▶ _What this task involves_
The lines to reproduce run from the one containing "(K), J6.15, J15.4" through the final line of the entries; write them out exactly and add nothing.

(Source records)
=-=-=-=-=

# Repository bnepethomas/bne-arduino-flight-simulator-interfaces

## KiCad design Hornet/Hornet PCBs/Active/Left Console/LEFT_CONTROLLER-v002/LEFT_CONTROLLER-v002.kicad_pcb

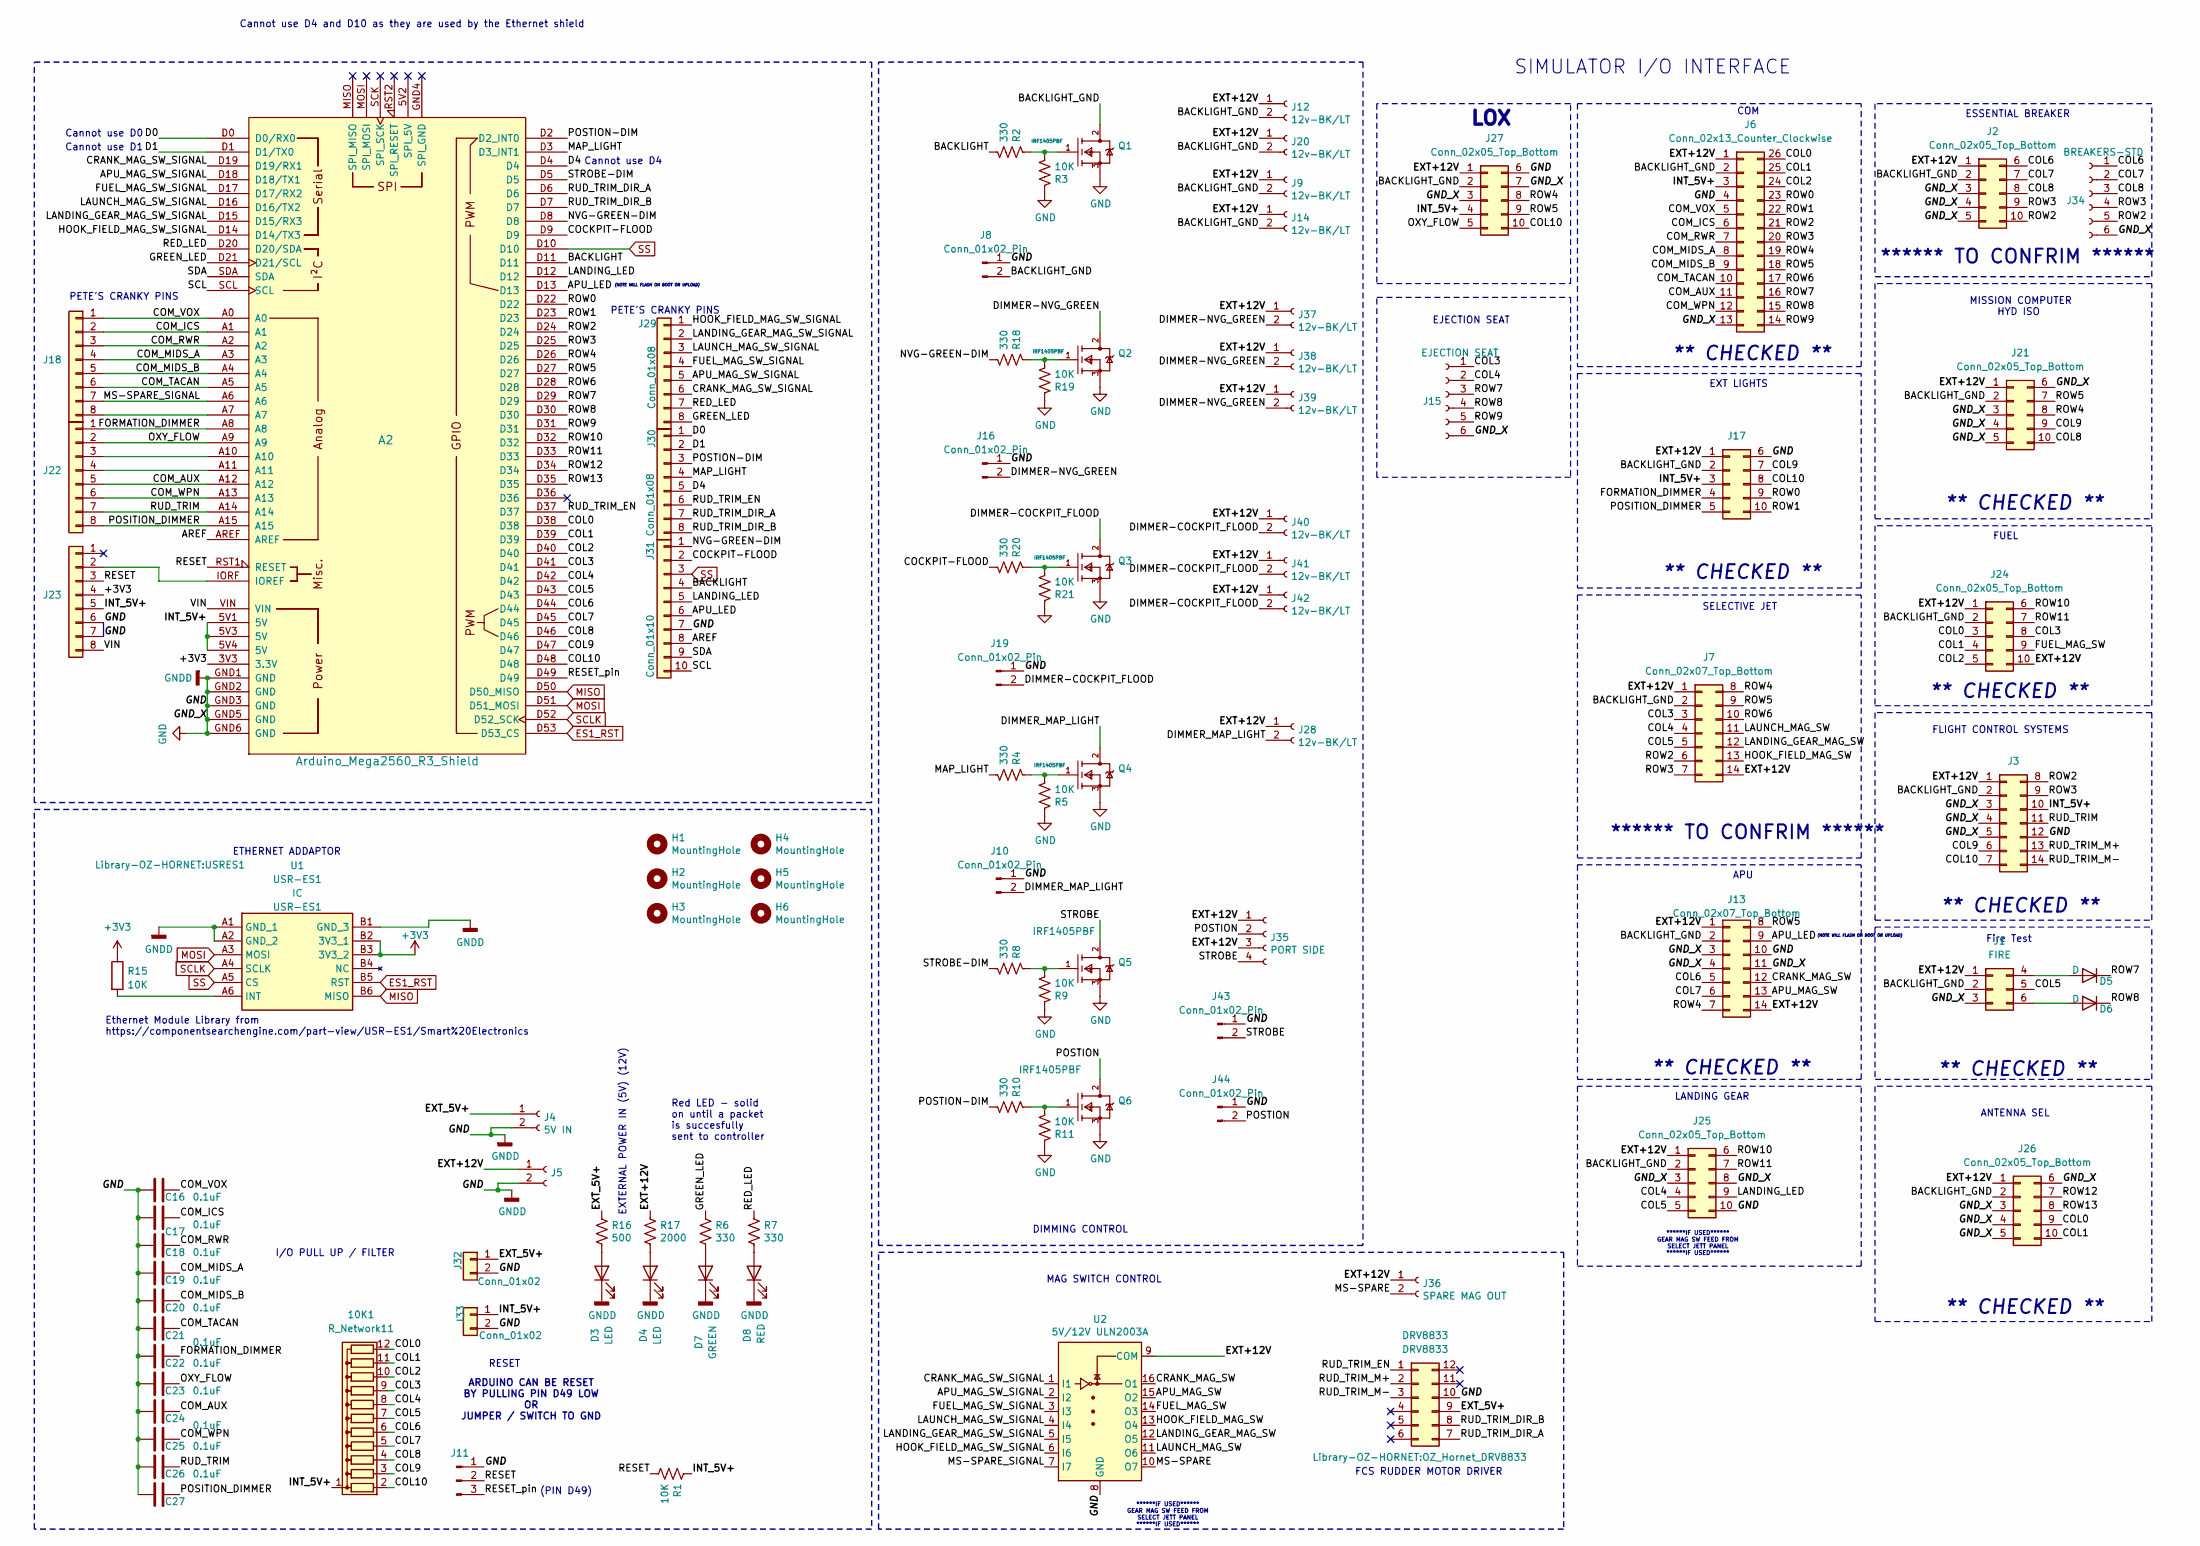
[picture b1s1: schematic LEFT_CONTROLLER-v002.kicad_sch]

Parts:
10K1: R_Network11; R_Array_SIP12
A2: Arduino_Mega2560_R3_Shield
C16, C17, C18, C19, C20, C21, C22, C23, C24, C25, C26, C27: 0.1uF; C_Disc_D4.3mm_W1.9mm_P5.00mm
D3, D4: LED; LED_D3.0mm
D5, D6: D; D_A-405_P7.62mm_Horizontal-SIGNAL
D7: GREEN; LED_D3.0mm
D8: RED; LED_D3.0mm
DRV8833: DRV8833; OZ_Hornet_DRV8833
H1, H2, H3, H4, H5, H6: MountingHole; MountingHole_3.2mm_M3
J1: FIRE; IDC-Header_2x03_P2.54mm_Vertical
J2, J17, J21, J24, J25, J26, J27: Conn_02x05_Top_Bottom; IDC-Header_2x05_P2.54mm_Vertical
J3, J7, J13: Conn_02x07_Top_Bottom; IDC-Header_2x07_P2.54mm_Vertical
J4: 5V IN; BarrelJack_Horizontal
J5: STEPPER IN 12-20VDC; BarrelJack_Horizontal
J6: Conn_02x13_Counter_Clockwise; IDC-Header_2x13_P2.54mm_Vertical
J8, J10, J16, J19, J43, J44: Conn_01x02_Pin; PinHeader_1x02_P2.54mm_Vertical
J9, J12, J14, J20, J28, J37, J38, J39, J40, J41, J42: 12v-BK/LT; Molex_KK-254_AE-6410-02A_1x02_P2.54mm_Vertical
J11: Conn_01x03_Pin; PinHeader_1x03_P2.54mm_Vertical
J15: EJECTION SEAT; Molex_KK-254_AE-6410-06A_1x06_P2.54mm_Vertical
J18, J22, J23, J29, J30: Conn_01x08; PinHeader_1x08_P2.54mm_Vertical
J31: Conn_01x10; PinHeader_1x10_P2.54mm_Vertical
J32, J33: Conn_01x02; PinHeader_1x02_P2.54mm_Vertical
J34: BREAKERS-STD; Molex_KK-254_AE-6410-06A_1x06_P2.54mm_Vertical
J35: PORT SIDE; Molex_KK-254_AE-6410-04A_1x04_P2.54mm_Vertical
J36: SPARE MAG OUT; Molex_KK-254_AE-6410-02A_1x02_P2.54mm_Vertical
Q1, Q2, Q3, Q4, Q5, Q6: IRF1405PBF; TO-220-3_Vertical; mouser part number 942-IRF1405PBF; digikey description MOSFET N-CH 55V 169A TO-220AB
R1, R3, R5, R9, R11, R15, R19, R21: 10K; R_Axial_DIN0204_L3.6mm_D1.6mm_P7.62mm_Horizontal
R2, R4, R6, R7, R8, R10, R18, R20: 330; R_Axial_DIN0204_L3.6mm_D1.6mm_P7.62mm_Horizontal
R16: 500; R_Axial_DIN0204_L3.6mm_D1.6mm_P7.62mm_Horizontal
R17: 2000; R_Axial_DIN0204_L3.6mm_D1.6mm_P7.62mm_Horizontal
U1: USR-ES1; USRES1; Manufacturer_Part_Number USR-ES1
U2: 5V/12V ULN2003A; DIP-16_W7.62mm

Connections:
+3V3: A2.3V3 (3.3V), J23.4, R15.1, U1.B2 (3V3_1), U1.B3 (3V3_2)
/APU_LED: A2.D13, J13.9, J31.6
/APU_MAG_SW: J13.13, U2.15 (O2)
/APU_MAG_SW_SIGNAL: A2.D18 (D18/TX1), J29.5, U2.2 (I2)
/AREF: A2.AREF, J31.8
/BACKLIGHT: A2.D11, J31.4, R2.2
/BACKLIGHT_GND: J1.2, J2.2, J3.2, J6.2, J7.2, J8.2, J9.2, J12.2, J13.2, J14.2, J17.2, J20.2, J21.2, J24.2, J25.2, J26.2, J27.2, Q1.2 (D)
/COCKPIT-FLOOD: A2.D9, J31.2, R20.2
/COL0: 10K1.12 (R11), A2.D38, J6.26, J24.3, J26.9
/COL1: 10K1.11 (R10), A2.D39, J6.25, J24.4, J26.10
/COL2: 10K1.10 (R9), A2.D40, J6.24, J24.5
/COL3: 10K1.9 (R8), A2.D41, J7.3, J15.1, J24.8
/COL4: 10K1.8 (R7), A2.D42, J7.4, J15.2, J25.4
/COL5: 10K1.7 (R6), A2.D43, J1.5, J7.5, J25.5
/COL6: 10K1.6 (R5), A2.D44, J2.6, J13.5, J34.1
/COL7: 10K1.5 (R4), A2.D45, J2.7, J13.6, J34.2
/COL8: 10K1.4 (R3), A2.D46, J2.8, J21.10, J34.3
/COL9: 10K1.3 (R2), A2.D47, J3.6, J17.7, J21.9
/COL10: 10K1.2 (R1), A2.D48, J3.7, J17.8, J27.10
/COM_AUX: A2.A12, C24.1, J6.11, J22.5
/COM_ICS: A2.A1, C17.1, J6.6, J18.2
/COM_MIDS_A: A2.A3, C19.1, J6.8, J18.4
/COM_MIDS_B: A2.A4, C20.1, J6.9, J18.5
/COM_RWR: A2.A2, C18.1, J6.7, J18.3
/COM_TACAN: A2.A5, C21.1, J6.10, J18.6
/COM_VOX: A2.A0, C16.1, J6.5, J18.1
/COM_WPN: A2.A13, C25.1, J6.12, J22.6
/CRANK_MAG_SW: J13.12, U2.16 (O1)
/CRANK_MAG_SW_SIGNAL: A2.D19 (D19/RX1), J29.6, U2.1 (I1)
/D0: A2.D0 (D0/RX0), J30.1
/D1: A2.D1 (D1/TX0), J30.2
/D4: A2.D4, J30.5
/DIMMER-COCKPIT_FLOOD: J19.2, J40.2, J41.2, J42.2, Q3.2 (D)
/DIMMER-NVG_GREEN: J16.2, J37.2, J38.2, J39.2, Q2.2 (D)
/DIMMER_MAP_LIGHT: J10.2, J28.2, Q4.2 (D)
/EXT+12V: J1.1, J2.1, J3.1, J5.1, J6.1, J7.1, J7.14, J9.1, J12.1, J13.1, J13.14, J14.1, J17.1, J20.1, J21.1, J24.1, J24.10, J25.1, J26.1, J27.1, J28.1, J35.1, J35.3, J36.1, J37.1, J38.1, J39.1, J40.1, J41.1, J42.1, R17.1, U2.9 (COM)
/EXT_5V+: DRV8833.9, J4.1, J32.1, R16.1
/FORMATION_DIMMER: A2.A8, C22.1, J17.4, J22.1
/FUEL_MAG_SW: J24.9, U2.14 (O3)
/FUEL_MAG_SW_SIGNAL: A2.D17 (D17/RX2), J29.4, U2.3 (I3)
/GREEN_LED: A2.D21 (D21/SCL), J29.8, R6.1
/HOOK_FIELD_MAG_SW: J7.13, U2.13 (O4)
/HOOK_FIELD_MAG_SW_SIGNAL: A2.D14 (D14/TX3), J29.1, U2.6 (I6)
/INT_5V+: 10K1.1 (common), A2.5V1 (5V), A2.5V3 (5V), A2.5V4 (5V), J3.10, J6.3, J17.3, J23.5, J27.4, J33.1, R1.1
/LANDING_GEAR_MAG_SW: J7.12, U2.12 (O5)
/LANDING_GEAR_MAG_SW_SIGNAL: A2.D15 (D15/RX3), J29.2, U2.5 (I5)
/LANDING_LED: A2.D12, J25.9, J31.5
/LAUNCH_MAG_SW: J7.11, U2.11 (O6)
/LAUNCH_MAG_SW_SIGNAL: A2.D16 (D16/TX2), J29.3, U2.4 (I4)
/MAP_LIGHT: A2.D3 (D3_INT1), J30.4, R4.2
/MS-SPARE: J36.2, U2.10 (O7)
/MS-SPARE_SIGNAL: A2.A6, J18.7, U2.7 (I7)
/NVG-GREEN-DIM: A2.D8, J31.1, R18.2
/OXY_FLOW: A2.A9, C23.1, J22.2, J27.5
/POSITION_DIMMER: A2.A15, C27.1, J17.5, J22.8
/POSTION: J35.2, J44.2, Q6.2 (D)
/POSTION-DIM: A2.D2 (D2_INT0), J30.3, R10.2
/RED_LED: A2.D20 (D20/SDA), J29.7, R7.1
/RESET: A2.RST1 (RESET), J11.2, J23.3, R1.2
/RESET_pin: A2.D49, J11.3
/ROW0: A2.D22, J6.23, J17.9
/ROW1: A2.D23, J6.22, J17.10
/ROW2: A2.D24, J2.10, J3.8, J6.21, J7.6, J34.5
/ROW3: A2.D25, J2.9, J3.9, J6.20, J7.7, J34.4
/ROW4: A2.D26, J6.19, J7.8, J13.7, J21.8, J27.8
/ROW5: A2.D27, J6.18, J7.9, J13.8, J21.7, J27.9
/ROW6: A2.D28, J6.17, J7.10
/ROW7: A2.D29, D5.1 (K), J6.16, J15.3
/ROW8: A2.D30, D6.1 (K), J6.15, J15.4
/ROW9: A2.D31, J6.14, J15.5
/ROW10: A2.D32, J24.6, J25.6
/ROW11: A2.D33, J24.7, J25.7
/ROW12: A2.D34, J26.7
/ROW13: A2.D35, J26.8
/RUD_TRIM: A2.A14, C26.1, J3.11, J22.7
/RUD_TRIM_DIR_A: A2.D6, DRV8833.7, J30.7
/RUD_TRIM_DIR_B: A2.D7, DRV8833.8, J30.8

=-=-=-=-=

▶ _Result below_
/ROW8: A2.D30, D6.1 (K), J6.15, J15.4
/ROW9: A2.D31, J6.14, J15.5
/ROW10: A2.D32, J24.6, J25.6
/ROW11: A2.D33, J24.7, J25.7
/ROW12: A2.D34, J26.7
/ROW13: A2.D35, J26.8
/RUD_TRIM: A2.A14, C26.1, J3.11, J22.7
/RUD_TRIM_DIR_A: A2.D6, DRV8833.7, J30.7
/RUD_TRIM_DIR_B: A2.D7, DRV8833.8, J30.8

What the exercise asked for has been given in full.